The Book of Fathers Page 12
Éva told him what she had heard from Agnieska. István Stern could feel his heart beating faster. Have these people gone mad? They destroy the property of others simply because they are of a different faith?
He went running off to Tadeus Weissberger. His host was in the smaller greenhouse, watering his plants. “Why did you not tell me about this before, Weissberger?” he asked in his best German.
“But we talked of nothing else all evening!”
“Should we not start packing?”
“The vandals have never bothered us in this house… on the other hand, who knows what the morrow may bring?”
István Stern found himself on the horns of a dilemma. One part of him thought it ungallant to flee like a coward, another part of him felt a strong responsibility towards his family, so… The longer he thought about it, the less he knew what to do. If only Grandfather Aaron were here, or Rabbi Ben Loew.
That afternoon, of the gentlemen invited to play cards only one, Samuel Bratkow, managed to reach the card table. His clothing was torn and, as he explained it, torches had been flung at the roof of his house and his family had fled to Tarnopol. He was heading after them and would be glad to take anyone who wished to go. Tadeus Weissberger hurriedly ordered his daughters, wife, and mother-in-law to take to the carriages. There were Weissbergers in Tarnopol who would look after them. He would follow as soon as he had taken care of the valuables. Alas, the carriage springs were dangerously overstretched and Samuel Bratkow begged their pardon for being unable to take all the ladies. Agnieska volunteered to lighten the load, as, with a little gentle prodding, did her mother. The carriage raced off, to the tearful cries of the Weissberger girls. István Stern at once offered his cart, which Tadeus Weissberger declined with the words: “We have our own carriage; in fact, we have two.”
Éva wanted to be off at once, but István Stern first had everything quickly packed up, so it was half an hour before they were embracing their hosts, commending one another to the care of the Almighty. By then the Weissbergers were also ready, and the horses harnessed to the carriages were fairly pawing the ground in their impatience. Let us go while we can, thought Éva. They climbed into the carriage. István Stern lowered the lids of his bloodshot eyes.
The pounding of hoofs, from somewhere in the distance.
Stern was sure it would be Samuel Bratkow, coming back for something he had forgotten. But it was more than two score horsemen, wearing only animal pelts and skins, reminding István Stern of the original Magyars who rode into the Carpathian basin. In the carriage little Aszti gave a sharp little shriek and everyone realized that they were on the brink of catastrophe. The riders had reached them.
István Stern jumped down onto the carriage step and drew his sword, but in vain: he was the first to be speared through the neck by a lance and thrown under the carriage. The noise around him seemed to abate, the outlines of things became hazy. Before he finally lost consciousness he saw fire engulf the entrance of the house and there, falling from the first-floor windows, were the by now familiar white birds.
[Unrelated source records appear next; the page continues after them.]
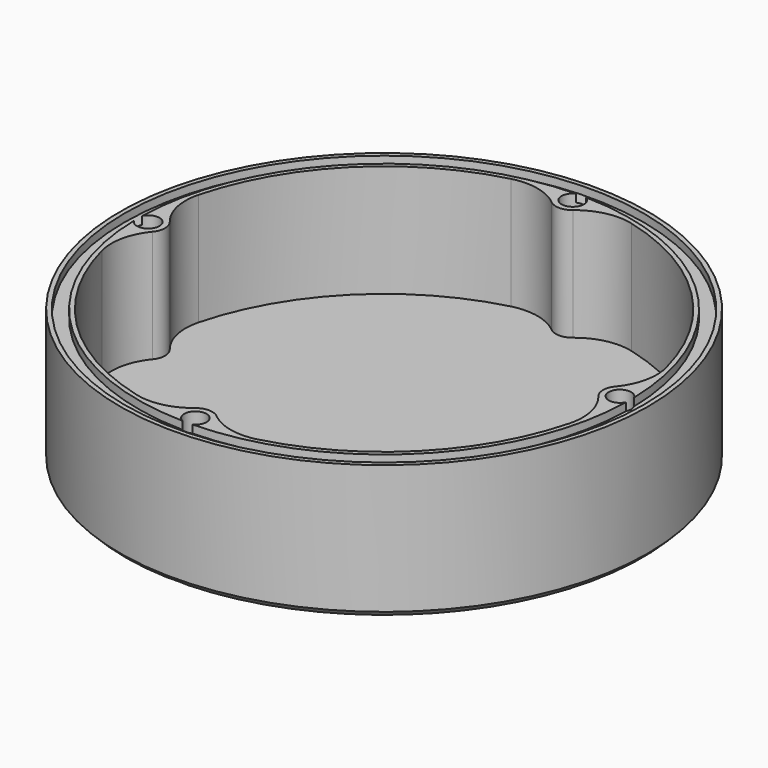
from build123d import *

# Parameters (mm, degrees)
F0_R      = 23.5
F1_DEPTH  = 12
F2_T      = -2
F3_SIZE   = 0.5
F4_R      = 1.5
F5_DEPTH  = 10
F6_R      = 5
F7_R      = 1
F8_DEPTH  = 12.001
F9_R      = 23.1
F9_R_2    = 21.9
F10_DEPTH = 0.7


# Not quite as in the source:
# - a fillet or chamfer that OpenCascade refuses, or shapes differently, is made with other operations: its cross-section is extruded or revolved along the edge and cut away or added


with BuildPart() as f1:
    # F0 (on Top) → F1 (new body)
    with BuildSketch(Plane.XY):
        Circle(F0_R)
    extrude(amount=F1_DEPTH)

    # F2
    f2_openings = [f1.faces().sort_by_distance(p)[0] for p in [
        (0, 0, 12),
    ]]
    offset(amount=F2_T, openings=f2_openings)

    # F3
    f3_edges = [f1.edges().sort_by_distance(p)[0] for p in [
        (-23.5, 0, 0),
    ]]
    chamfer(f3_edges, length=F3_SIZE)

    # F4 (on face) → F5 (join, through all)
    with BuildSketch(Plane.XY.offset(2)):
        with Locations((0, -21)):
            Circle(F4_R)
        with Locations((21, 0)):
            Circle(F4_R)
        with Locations((0, 21)):
            Circle(F4_R)
        with Locations((-21, 0)):
            Circle(F4_R)
    extrude(amount=F5_DEPTH)

    # F6
    f6_edges = [f1.edges().sort_by_distance(p)[0] for p in [
        (-21.452381, 1.430158, 7),
        (-21.452381, -1.430158, 7),
        (-1.430158, 21.452381, 7),
        (1.430158, 21.452381, 7),
        (21.452381, -1.430158, 7),
        (21.452381, 1.430158, 7),
        (-1.430158, -21.452381, 7),
        (1.430158, -21.452381, 7),
    ]]
    fillet(f6_edges, radius=F6_R)

    # F7 (on face) → F8 (cut, through all)
    with BuildSketch(Plane.XY.offset(12)):
        with Locations((0, -21)):
            Circle(F7_R)
        with Locations((21, 0)):
            Circle(F7_R)
        with Locations((0, 21)):
            Circle(F7_R)
        with Locations((-21, 0)):
            Circle(F7_R)
    extrude(amount=-F8_DEPTH, mode=Mode.SUBTRACT)

    # F9 (on face) → F10 (cut)
    with BuildSketch(Plane.XY.offset(12)):
        Circle(F9_R)
        Circle(F9_R_2, mode=Mode.SUBTRACT)
    extrude(amount=-F10_DEPTH, mode=Mode.SUBTRACT)

    # F11: chamfer of 1.2 on 4 edges, made by hand

    # F11_s1 → F11_t2 (revolve, cut)
    with BuildSketch(Plane.XZ.offset(-21)):
        Polygon((2.2, 0), (1, 1.2), (1, 0), align=None)
    revolve(axis=Axis((0, 21, 0), (0, 0, 1)), mode=Mode.SUBTRACT)

    # F11_s3 → F11_t4 (revolve, cut)
    with BuildSketch(Plane.XZ):
        Polygon((23.2, 0), (22, 1.2), (22, 0), align=None)
    revolve(axis=Axis((21, 0, 0), (0, 0, 1)), mode=Mode.SUBTRACT)

    # F11_s5 → F11_t6 (revolve, cut)
    with BuildSketch(Plane.XZ.offset(21)):
        Polygon((2.2, 0), (1, 1.2), (1, 0), align=None)
    revolve(axis=Axis((0, -21, 0), (0, 0, 1)), mode=Mode.SUBTRACT)

    # F11_s7 → F11_t8 (revolve, cut)
    with BuildSketch(Plane.XZ):
        Polygon((-18.8, 0), (-20, 1.2), (-20, 0), align=None)
    revolve(axis=Axis((-21, 0, 0), (0, 0, 1)), mode=Mode.SUBTRACT)


solid = f1.part
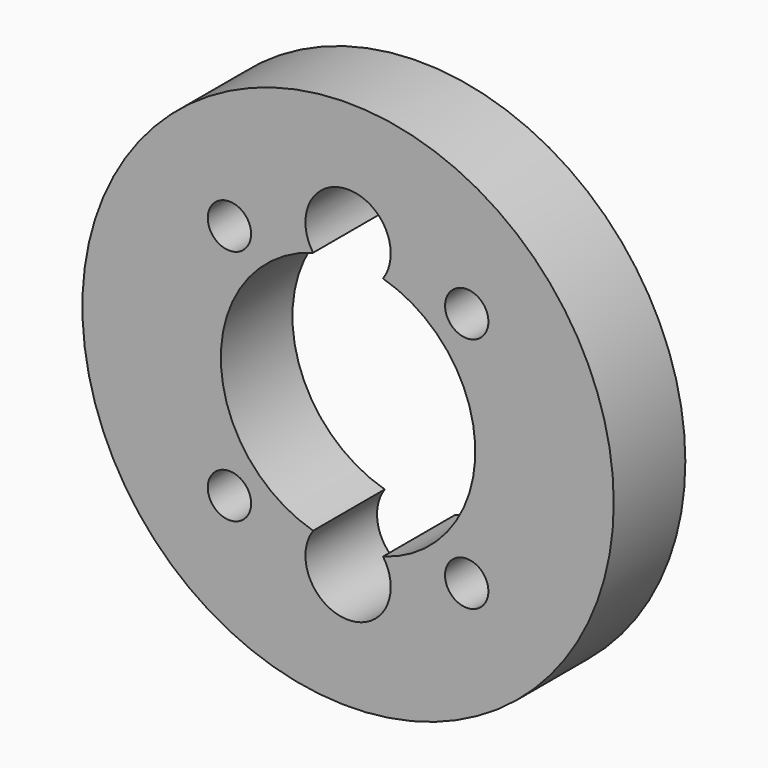
from build123d import *

# Parameters (mm, degrees)
F0_R            = 19
F1_DEPTH        = 6.4
F2_R            = 1.55
F3_DEPTH        = 25.4
F3_COPIES_COUNT = 4
F4_R            = 9.1
F5_DEPTH        = 6.401
F6_R            = 3.05
F7_DEPTH        = 6.401


# Not quite as in the source:
# - a pattern or mirror of a feature is missing from the dataset's text; its kind, count and spacing are read off the source's solid


with BuildPart() as f1:
    # F0 (on Front) → F1 (new body)
    with BuildSketch(Plane.XZ):
        Circle(F0_R)
    extrude(amount=F1_DEPTH)

    # F2 (on Front) → F3 (cut)
    with BuildSketch(Plane.XZ):
        with Locations((8.4852813742, 8.4852813742)):
            Circle(F2_R)
    f3 = extrude(amount=F3_DEPTH, mode=Mode.SUBTRACT)

    # F3_copies: F3 ×4 about axis
    f3_copies_axis = Axis((0, 0, 0), (0, 1, 0))
    for i in range(1, F3_COPIES_COUNT):
        add(f3.rotate(f3_copies_axis, i * 360 / F3_COPIES_COUNT), mode=Mode.SUBTRACT)

    # F4 (on Front) → F5 (cut, through all)
    with BuildSketch(Plane.XZ):
        Circle(F4_R)
    extrude(amount=F5_DEPTH, mode=Mode.SUBTRACT)

    # F6 (on Front) → F7 (cut, through all)
    with BuildSketch(Plane.XZ):
        with Locations((0, 10.5)):
            Circle(F6_R)
        with Locations((0, -10.5)):
            Circle(F6_R)
    extrude(amount=F7_DEPTH, mode=Mode.SUBTRACT)


solid = f1.part
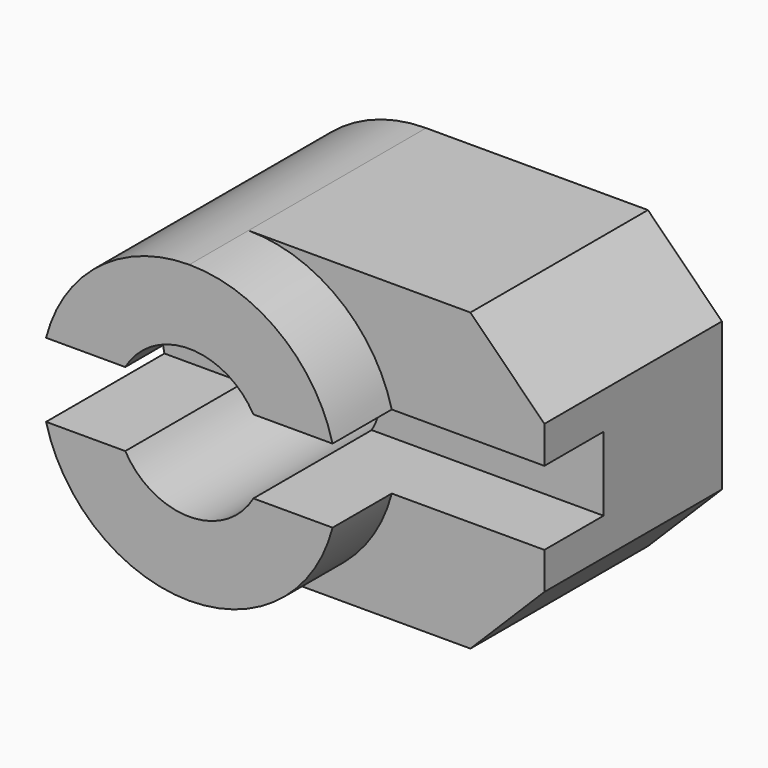
from build123d import *

# Parameters (mm, degrees)
F1_DEPTH = 20
F2_DEPTH = 10
F3_DEPTH = 15


with BuildPart() as f1:
    # F0 (on Front) → F1 (new body)
    with BuildSketch(Plane.XZ):
        with BuildLine():
            ThreePointArc((9.6824583655, 2.5), (6.123724357, 7.9056941504), (0, 10))
            ThreePointArc((0, 10), (-6.123724357, 7.9056941504), (-9.6824583655, 2.5))
            Line((-9.6824583655, 2.5), (-4.3301270189, 2.5))
            ThreePointArc((-4.3301270189, 2.5), (0, 5), (4.3301270189, 2.5))
            Line((4.3301270189, 2.5), (9.6824583655, 2.5))
        make_face()
    extrude(amount=F1_DEPTH)



with BuildPart() as f1b:
    # F0 (on Front) → F1, piece 2 (new body)
    with BuildSketch(Plane.XZ):
        with BuildLine():
            Line((-4.3301270189, -2.5), (-9.6824583655, -2.5))
            ThreePointArc((-9.6824583655, -2.5), (-6.123724357, -7.9056941504), (0, -10))
            ThreePointArc((0, -10), (6.123724357, -7.9056941504), (9.6824583655, -2.5))
            Line((9.6824583655, -2.5), (4.3301270189, -2.5))
            ThreePointArc((4.3301270189, -2.5), (0, -5), (-4.3301270189, -2.5))
        make_face()
    extrude(amount=F1_DEPTH)


with BuildPart() as f1_1:
    add(f1.part)

    add(f1b.part)  # F2 merges F1b
    # F0 (on Front) → F2 (join)
    with BuildSketch(Plane.XZ):
        with BuildLine():
            Line((20, 2.5), (9.6824583655, 2.5))
            ThreePointArc((9.6824583655, 2.5), (9.9202969627, 1.2600429248), (10, 0))
            ThreePointArc((10, 0), (9.9202969627, -1.2600429248), (9.6824583655, -2.5))
            Line((9.6824583655, -2.5), (20, -2.5))
            Line((20, -2.5), (20, 0))
            Line((20, 0), (20, 2.5))
        make_face()
        with BuildLine():
            ThreePointArc((10, 0), (9.9202969627, 1.2600429248), (9.6824583655, 2.5))
            Line((9.6824583655, 2.5), (4.3301270189, 2.5))
            ThreePointArc((4.3301270189, 2.5), (4.8296291314, 1.2940952255), (5, 0))
            ThreePointArc((5, 0), (4.8296291314, -1.2940952255), (4.3301270189, -2.5))
            Line((4.3301270189, -2.5), (9.6824583655, -2.5))
            ThreePointArc((9.6824583655, -2.5), (9.9202969627, -1.2600429248), (10, 0))
        make_face()
        with BuildLine():
            Line((-4.3301270189, 2.5), (-9.6824583655, 2.5))
            ThreePointArc((-9.6824583655, 2.5), (-10, 0), (-9.6824583655, -2.5))
            Line((-9.6824583655, -2.5), (-4.3301270189, -2.5))
            ThreePointArc((-4.3301270189, -2.5), (-5, 0), (-4.3301270189, 2.5))
        make_face()
    extrude(amount=F2_DEPTH)

    # F0 (on Front) → F3 (join)
    with BuildSketch(Plane.XZ):
        with BuildLine():
            Line((15, 10), (0, 10))
            ThreePointArc((0, 10), (6.123724357, 7.9056941504), (9.6824583655, 2.5))
            Line((9.6824583655, 2.5), (20, 2.5))
            Line((20, 2.5), (20, 5))
            Line((20, 5), (15, 10))
        make_face()
        with BuildLine():
            ThreePointArc((9.6824583655, -2.5), (6.123724357, -7.9056941504), (0, -10))
            Line((0, -10), (15, -10))
            Line((15, -10), (20, -5))
            Line((20, -5), (20, -2.5))
            Line((20, -2.5), (9.6824583655, -2.5))
        make_face()
    extrude(amount=F3_DEPTH)


solid = f1_1.part

Only later, on his sickbed, did he understand that for a fraction of a second he had witnessed the Weissberger family’s justly famous collection of books being consumed by the flames.
Thinking that he was dead, the attackers let him be. Night had already fallen when he came to. Some local peasants provided him with shelter and care. Richard also turned up, wandering among the pine trees of the park, as was little Aszti, whose crazed screeches drove István Stern out of his wits, so that several times he took aim at the creature. Richard always protected it.
In a foreign land, without acquaintances and helping hands, lacking the language and money, István Stern was unable to discover where his wife’s and two sons’ final resting places-if they indeed had such-might be found. Grandfather Aaron lambasted him with hate-filled letters, cursing him forever for not taking proper care of his daughter and two grandsons. Had Richard not been with him, István Stern would have thrust his dagger into his heart.
The Sterns never forgave him. Disowned first by one lot, then by the other.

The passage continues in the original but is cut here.